The main advantage of using boolean strings is that they allow recruiters to find exactly what they're looking for without too much effort. Here are some examples of how recruiters can utilize boolean searches in their recruitment process:

  • Search job boards for candidates with specific skills, such as: "JavaScript AND ReactJS"

  • Look up resumes with keywords related to the role, e.g.: "project management AND agile"

  • Locate potential candidates who have relocated recently by searching: "city A NOT city B" (this will show people who have moved from city A to city B).

  • Discover past employers or education institutions of potential hires by typing: "employer1 OR employer2 OR college"

By using boolean strings in these ways, recruiters can save time sifting through hundreds or thousands of applications and resumes, and focus more on interacting with suitable candidates directly instead.

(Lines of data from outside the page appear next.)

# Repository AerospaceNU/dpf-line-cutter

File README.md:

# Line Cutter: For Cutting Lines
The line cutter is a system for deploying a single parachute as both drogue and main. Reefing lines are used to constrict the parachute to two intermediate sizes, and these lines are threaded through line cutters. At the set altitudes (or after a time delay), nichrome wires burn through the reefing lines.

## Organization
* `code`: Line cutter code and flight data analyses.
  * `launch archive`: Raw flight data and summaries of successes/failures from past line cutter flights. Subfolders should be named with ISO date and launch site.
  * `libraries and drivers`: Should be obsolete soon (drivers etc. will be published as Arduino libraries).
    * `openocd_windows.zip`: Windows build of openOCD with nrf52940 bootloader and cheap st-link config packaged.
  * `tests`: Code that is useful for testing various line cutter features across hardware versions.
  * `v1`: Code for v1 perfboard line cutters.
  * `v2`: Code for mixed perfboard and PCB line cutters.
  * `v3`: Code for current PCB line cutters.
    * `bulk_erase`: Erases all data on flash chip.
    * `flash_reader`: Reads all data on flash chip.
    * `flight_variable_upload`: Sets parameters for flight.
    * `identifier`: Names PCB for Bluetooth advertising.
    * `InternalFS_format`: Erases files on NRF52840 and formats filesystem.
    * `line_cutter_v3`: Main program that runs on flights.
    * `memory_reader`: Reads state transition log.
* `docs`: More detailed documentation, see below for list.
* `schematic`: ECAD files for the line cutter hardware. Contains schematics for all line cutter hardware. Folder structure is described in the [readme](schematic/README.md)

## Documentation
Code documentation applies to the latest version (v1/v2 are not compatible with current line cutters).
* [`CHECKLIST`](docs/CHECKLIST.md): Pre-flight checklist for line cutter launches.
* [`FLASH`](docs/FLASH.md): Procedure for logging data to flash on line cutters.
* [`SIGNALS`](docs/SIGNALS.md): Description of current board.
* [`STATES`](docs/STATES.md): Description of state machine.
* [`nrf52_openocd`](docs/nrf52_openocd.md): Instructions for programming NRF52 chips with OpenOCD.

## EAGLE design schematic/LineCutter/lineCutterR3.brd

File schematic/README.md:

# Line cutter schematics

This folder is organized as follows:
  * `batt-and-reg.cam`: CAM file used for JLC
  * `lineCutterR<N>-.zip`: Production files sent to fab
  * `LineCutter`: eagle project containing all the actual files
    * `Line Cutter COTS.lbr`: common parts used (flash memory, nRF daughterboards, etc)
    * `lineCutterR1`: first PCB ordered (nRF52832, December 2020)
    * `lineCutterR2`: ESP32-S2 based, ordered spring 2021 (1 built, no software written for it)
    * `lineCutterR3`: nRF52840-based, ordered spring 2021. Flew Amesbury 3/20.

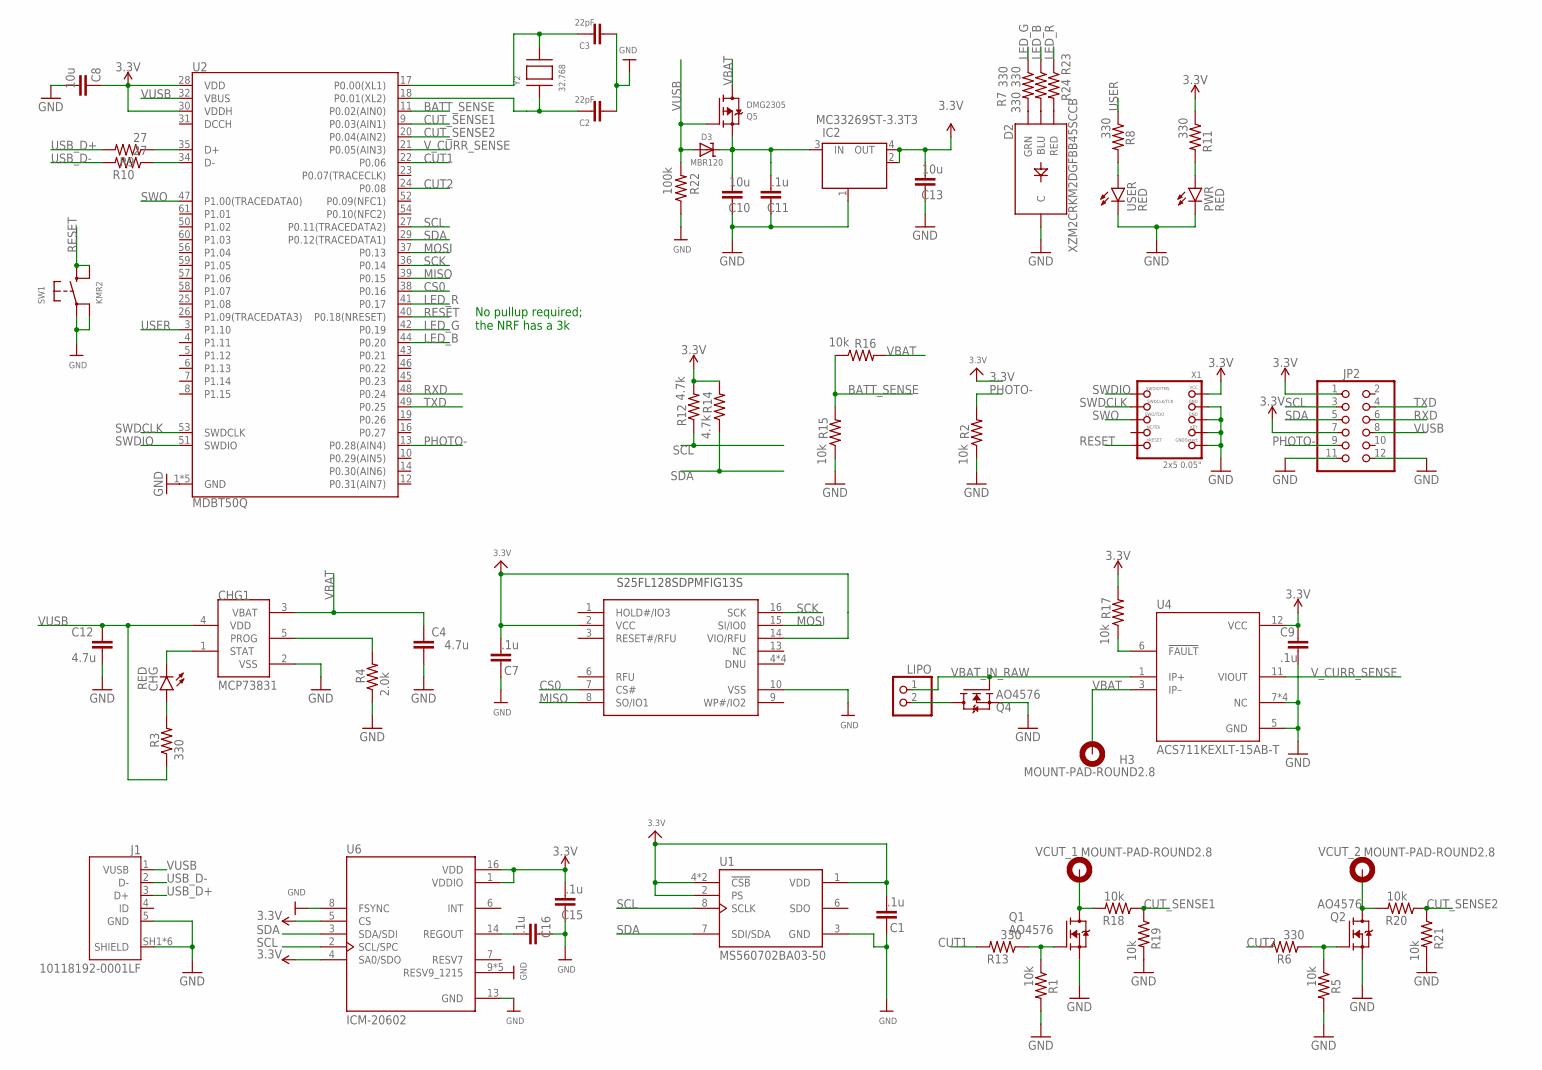
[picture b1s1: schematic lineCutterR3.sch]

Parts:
C1, C7, C9, C11, C15, C16: .1u; C0805
C2, C3: 22pF; C0805
C4, C12: 4.7u; C0805
C8, C10, C13: 10u; C0805
CHG: RED; CHIP-LED0805
CHG1: MCP73831; SOT23-5L
D2: XZM2CRKM2DGFBB45SCCB; PLCC4SMDLED
D3: MBR120; SOD-123
H3: MOUNT-PAD-ROUND2.8; 2,8-PAD
IC2: MC33269ST-3.3T3; SOT223
J1: 10118192-0001LF; AMPHENOL_10118192-0001LF
JP2: PINHD-2X6; 2X06
LIPO: PINHD-1X2; 1X02
PWR: RED; CHIP-LED0805
Q1, Q2, Q4: AO4576; SOIC8
Q5: DMG2305; SOT23-R
R1, R2, R5, R15, R16, R17, R18, R19, R20, R21: 10k; R0805
R3, R6, R7, R8, R11, R13, R23, R24: 330; R0805
R4: 2.0k; R0805
R9, R10: 27; R0805
R12, R14: 4.7k; R0805
R22: 100k; R0805
SW1: KMR2; BTN_KMR2_4.6X2.8
U1: MS560702BA03-50; SON125P300X500X100-8N
U2: MDBT50Q
U3: S25FL128SDPMFIG13S03016; SOIC127P1032X265-16N
U4: ACS711KEXLT-15AB-T; SENSOR_ACS711KEXLT-31AB-T
U6: ICM-20602; PQFN50P300X300X80-16N
USER: RED; CHIP-LED0805
VCUT_1, VCUT_2: MOUNT-PAD-ROUND2.8; 2,8-PAD
X1: 2x5 0.05"; 2X05_1.27MM_BOX_POSTS
Y2: 32.768; XTAL3215

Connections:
3.3V: C1.2, C7.2, C8.1, C9.1, C13.2, C15.2, IC2.2 (OUT), IC2.4 (OUT), JP2.1, JP2.7, R11.1, R12.2, R14.2, R17.2, U1.1 (VDD), U1.2 (PS), U1.4 (!CSB), U1.5 (!CSB), U2.28 (VDD), U2.30 (VDDH), U3.2 (VCC), U3.14 (VIO/RFU), U4.12 (VCC), U6.1 (VDDIO), U6.4 (SA0/SDO), U6.5 (CS), U6.16 (VDD), X1.1 (VCC)
BATT_SENSE: R15.2, R16.1, U2.11 (P0.02(AIN0))
CS0: U2.38 (P0.16), U3.7 (CS#)
CUT1: R13.2, U2.22 (P0.06)
CUT2: R6.2, U2.24 (P0.08)
CUT_SENSE1: R18.1, R19.1, U2.9 (P0.03(AIN1))
CUT_SENSE2: R20.1, R21.1, U2.20 (P0.04(AIN2))
GND: C1.1, C2.2, C3.2, C4.2, C7.1, C8.2, C9.2, C10.1, C11.1, C12.2, C13.1, C15.1, C16.1, CHG1.2 (VSS), D2.4 (C), IC2.1 (GND/ADJ), J1.5 (GND), J1.SH1 (SHIELD), J1.SH2 (SHIELD), J1.SH3 (SHIELD), J1.SH4 (SHIELD), J1.SH5 (SHIELD), J1.SH6 (SHIELD), JP2.11, JP2.12, PWR.C, Q1.P$1 (S), Q1.P$2 (S), Q1.P$3 (S), Q2.P$1 (S), Q2.P$2 (S), Q2.P$3 (S), Q4.P$1 (S), Q4.P$2 (S), Q4.P$3 (S), R1.2, R2.1, R4.1, R5.2, R15.1, R19.2, R21.2, R22.1, SW1.A, SW1.A' (P1), U1.3 (GND), U2.1 (GND), U2.2 (GND), U2.15 (GND), U2.33 (GND), U2.55 (GND), U3.10 (VSS), U4.5 (GND), U4.7 (NC), U4.8 (NC), U4.9 (NC), U4.10 (NC), U6.8 (FSYNC), U6.9 (RESV9_1215), U6.10 (RESV9_1215), U6.11 (RESV9_1215), U6.12 (RESV9_1215), U6.13 (GND), U6.15 (RESV9_1215), USER.C, X1.3 (GND), X1.5 (GND), X1.7 (KEY), X1.9 (GNDDETECT)
LED_B: R23.1, U2.44 (P0.20)
LED_G: R7.1, U2.42 (P0.19)
LED_R: R24.1, U2.41 (P0.17)
MISO: U2.39 (P0.15), U3.8 (SO/IO1)
MOSI: U2.37 (P0.13), U3.15 (SI/IO0)
unnamed: CHG.A, R3.2
unnamed: C2.1, U2.18 (P0.01(XL2)), Y2.P$1
unnamed: Q2.P$4 (G), R5.1, R6.1
unnamed: CHG1.5 (PROG), R4.2
unnamed: CHG.C, CHG1.1 (STAT)
unnamed: Q2.P$5 (D), Q2.P$6 (D), Q2.P$7 (D), Q2.P$8 (D), R20.2, VCUT_2.B2,8
unnamed: R8.2, USER.A
unnamed: LIPO.2, Q4.P$5 (D), Q4.P$6 (D), Q4.P$7 (D), Q4.P$8 (D)
unnamed: PWR.A, R11.2
unnamed: Q1.P$4 (G), R1.1, R13.1
unnamed: R9.1, U2.35 (D+)
unnamed: R10.1, U2.34 (D-)
unnamed: C3.1, U2.17 (P0.00(XL1)), Y2.P$2
unnamed: R17.1, U4.6 (!FAULT)
unnamed: D2.2 (GRN), R7.2
unnamed: D2.3 (BLU), R23.2
unnamed: Q1.P$5 (D), Q1.P$6 (D), Q1.P$7 (D), Q1.P$8 (D), R18.2, VCUT_1.B2,8
unnamed: D2.1 (RED), R24.2
unnamed: C16.2, U6.14 (REGOUT)
PHOTO-: JP2.9, R2.2, U2.13 (P0.28(AIN4))
RESET: SW1.B (S), SW1.B' (S1), U2.40 (P0.18(NRESET)), X1.10 (NRESET)
RXD: JP2.6, U2.48 (P0.24)
SCK: U2.36 (P0.14), U3.16 (SCK)
SCL: JP2.3, R12.1, U1.8 (SCLK), U2.27 (P0.11(TRACEDATA2)), U6.2 (SCL/SPC)
SDA: JP2.5, R14.1, U1.7 (SDI/SDA), U2.29 (P0.12(TRACEDATA1)), U6.3 (SDA/SDI)
SWDCLK: U2.53 (SWDCLK), X1.4 (SWDCLK)
SWDIO: U2.51 (SWDIO), X1.2 (SWDIO)
SWO: U2.47 (P1.00(TRACEDATA0)), X1.6 (SWO)
TXD: JP2.4, U2.49 (P0.25)
USB_D+: J1.3 (D+), R9.2
USB_D-: J1.2 (D-), R10.2
USER: R8.1, U2.3 (P1.10)
VBAT: C4.1, CHG1.3 (VBAT), H3.B2,8, Q5.3 (D), R16.2, U4.3 (IP–)
VBAT_IN_RAW: LIPO.1, Q4.P$4 (G), U4.1 (IP+)
VIN_REG1: C10.2, C11.2, D3.C, IC2.3 (IN), Q5.2 (S)
VUSB: C12.1, CHG1.4 (VDD), D3.A, J1.1 (VUSB), JP2.8, Q5.1 (G), R3.1, R22.2, U2.32 (VBUS)
V_CURR_SENSE: U2.21 (P0.05(AIN3)), U4.11 (VIOUT)

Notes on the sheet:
S25FL128SDPMFIG13S
No pullup required; the NRF has a 3k

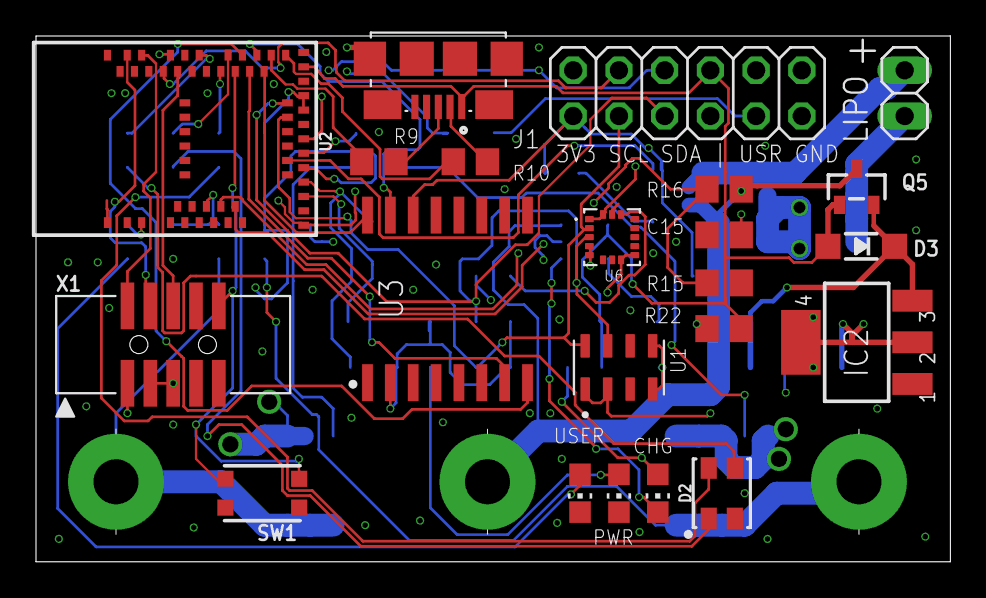
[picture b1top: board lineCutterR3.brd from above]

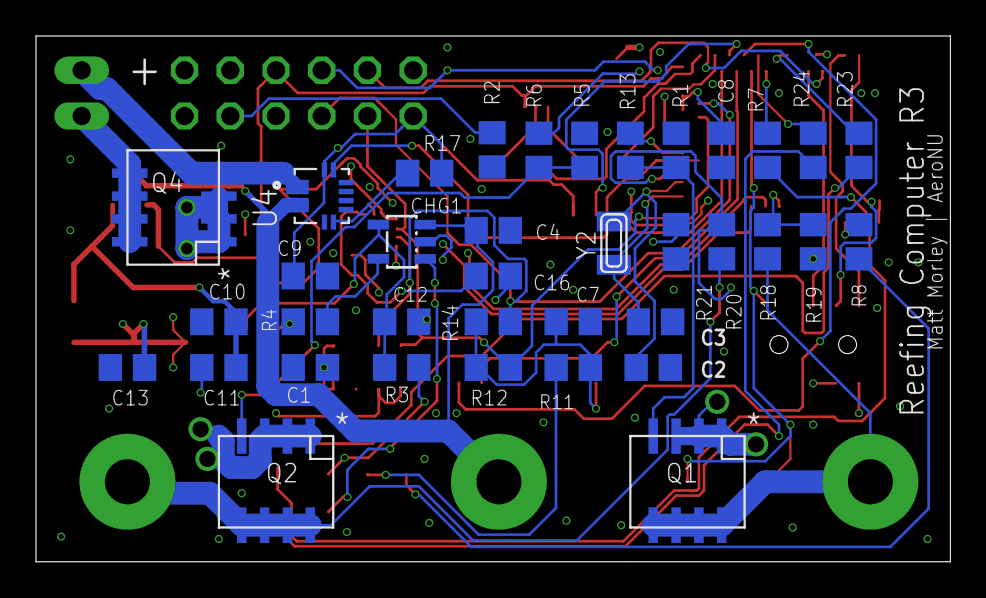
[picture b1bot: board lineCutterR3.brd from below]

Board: 4 copper layers, 50.8 x 29.2 mm, 62 parts (37 on the bottom side), 50 nets.

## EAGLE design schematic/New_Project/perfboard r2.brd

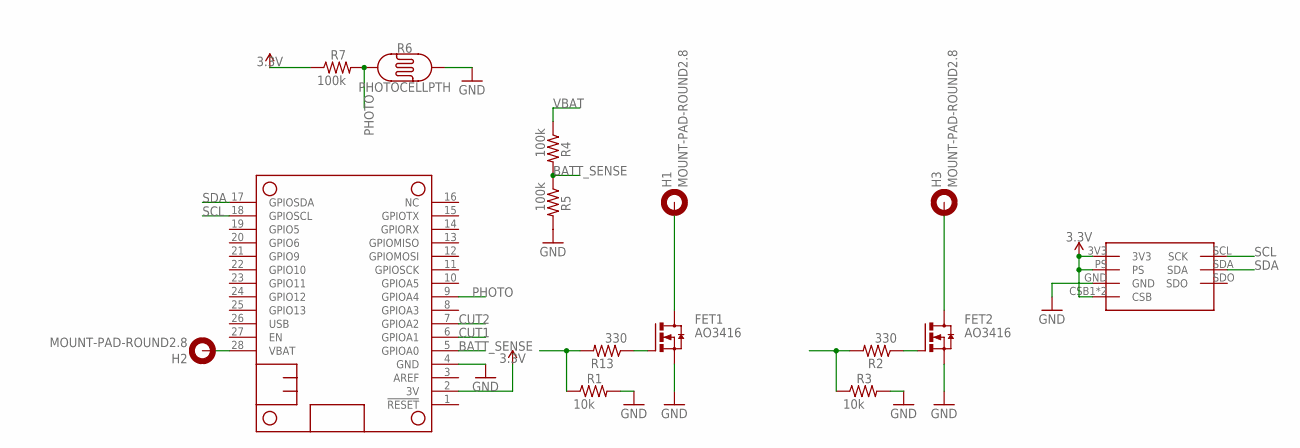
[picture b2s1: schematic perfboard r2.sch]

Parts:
FET1, FET2: AO3416; SOT23-3
H1, H2, H3: MOUNT-PAD-ROUND2.8; 2,8-PAD
MS1: FEATHERWING_NODIM
R1, R3: 10k; 0204/7
R2, R13: 330; 0204/7
R4, R5, R7: 100k; 0204/7
R6: PHOTOCELLPTH; PHOTOCELL
U$1: MS5607_BREAKOUT; MS5607BREAKOUT

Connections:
3.3V: MS1.2 (3V), R7.1, U$1.3V3, U$1.CSB1 (CSB), U$1.CSB2 (CSB), U$1.PS
BATT_SENSE: MS1.5 (GPIOA0), R4.2, R5.1
CUT1: MS1.6 (GPIOA1), R1.1, R13.2
CUT2: MS1.7 (GPIOA2), R2.2, R3.1
GND: FET1.2 (S), FET2.2 (S), MS1.4 (GND), R1.2, R3.2, R5.2, R6.2, U$1.GND
unnamed: FET1.3 (D), H1.B2,8
unnamed: FET2.1 (G), R2.1
unnamed: FET2.3 (D), H3.B2,8
unnamed: FET1.1 (G), R13.1
PHOTO: MS1.9 (GPIOA4), R6.1, R7.2
SCL: MS1.18 (GPIOSCL), U$1.SCL (SCK)
SDA: MS1.17 (GPIOSDA), U$1.SDA
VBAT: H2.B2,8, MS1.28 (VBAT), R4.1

Examples Of Common Boolean Strings

Here are some examples of commonly used boolean strings that recruiters can employ when searching for talent:

  • Find new graduates: "graduate OR recently graduated"

  • Identify applicants from certain countries: "location A AND NOT location B"

  • Unearth qualified professionals with particular experience levels: "skill X AND (3+yrs OR 4+yrs)"

  • Track down people who have worked at certain companies before: "(employer1 OR employer2) NOT current employer"

Using the right combination of words and modifiers is key when crafting an effective boolean string — so play around with different parameters until you find one that works best for your purposes!

Alternative Techniques for Searching and Sorting

Though Boolean strings are a powerful way to search for talent quickly, there are other techniques recruiters can use in addition to refining their results. Here are some of the most common methods used:

Natural Language Queries

Natural language queries allow recruiters to search for desired criteria by entering phrases as close to natural language sentences as possible. For example, instead of typing "JavaScript AND ReactJS" -- which would be a boolean string query --, you could just type "candidates with experience in JavaScript and React". This works because the search engine will recognize synonyms and closely related terms.


Wildcards allow recruiters to substitute one or more characters when searching for keywords. This can be useful when you want to broaden or narrow your results without having to list all the possible variations of a word (e.g., “color” vs “color”). The asterisk (*) is usually used as a wildcard, so if you wanted to find documents that contain either color or color, you could enter: “colo*r”.

Fuzzy Searching

Fuzzy searching (or approximate string matching) is another technique that can help recruiters find what they're after faster. It allows partial words or phrases to be matched against larger strings of text in order to get better results. For instance, if you wanted to find resumes that contain the word “programming” but also account for typos like “progromming”, you could use fuzzy searching via parameters such as Levenshtein Distance or Hamming Distance in order to achieve this.


Recruiters who utilize powerful tools like boolean strings for better targeting can often find great talent without having to spend hours combing through resumes and applications manually. With a few simple tips — as well as some useful examples — you should be able to refine your recruiting process considerably by employing this strategy.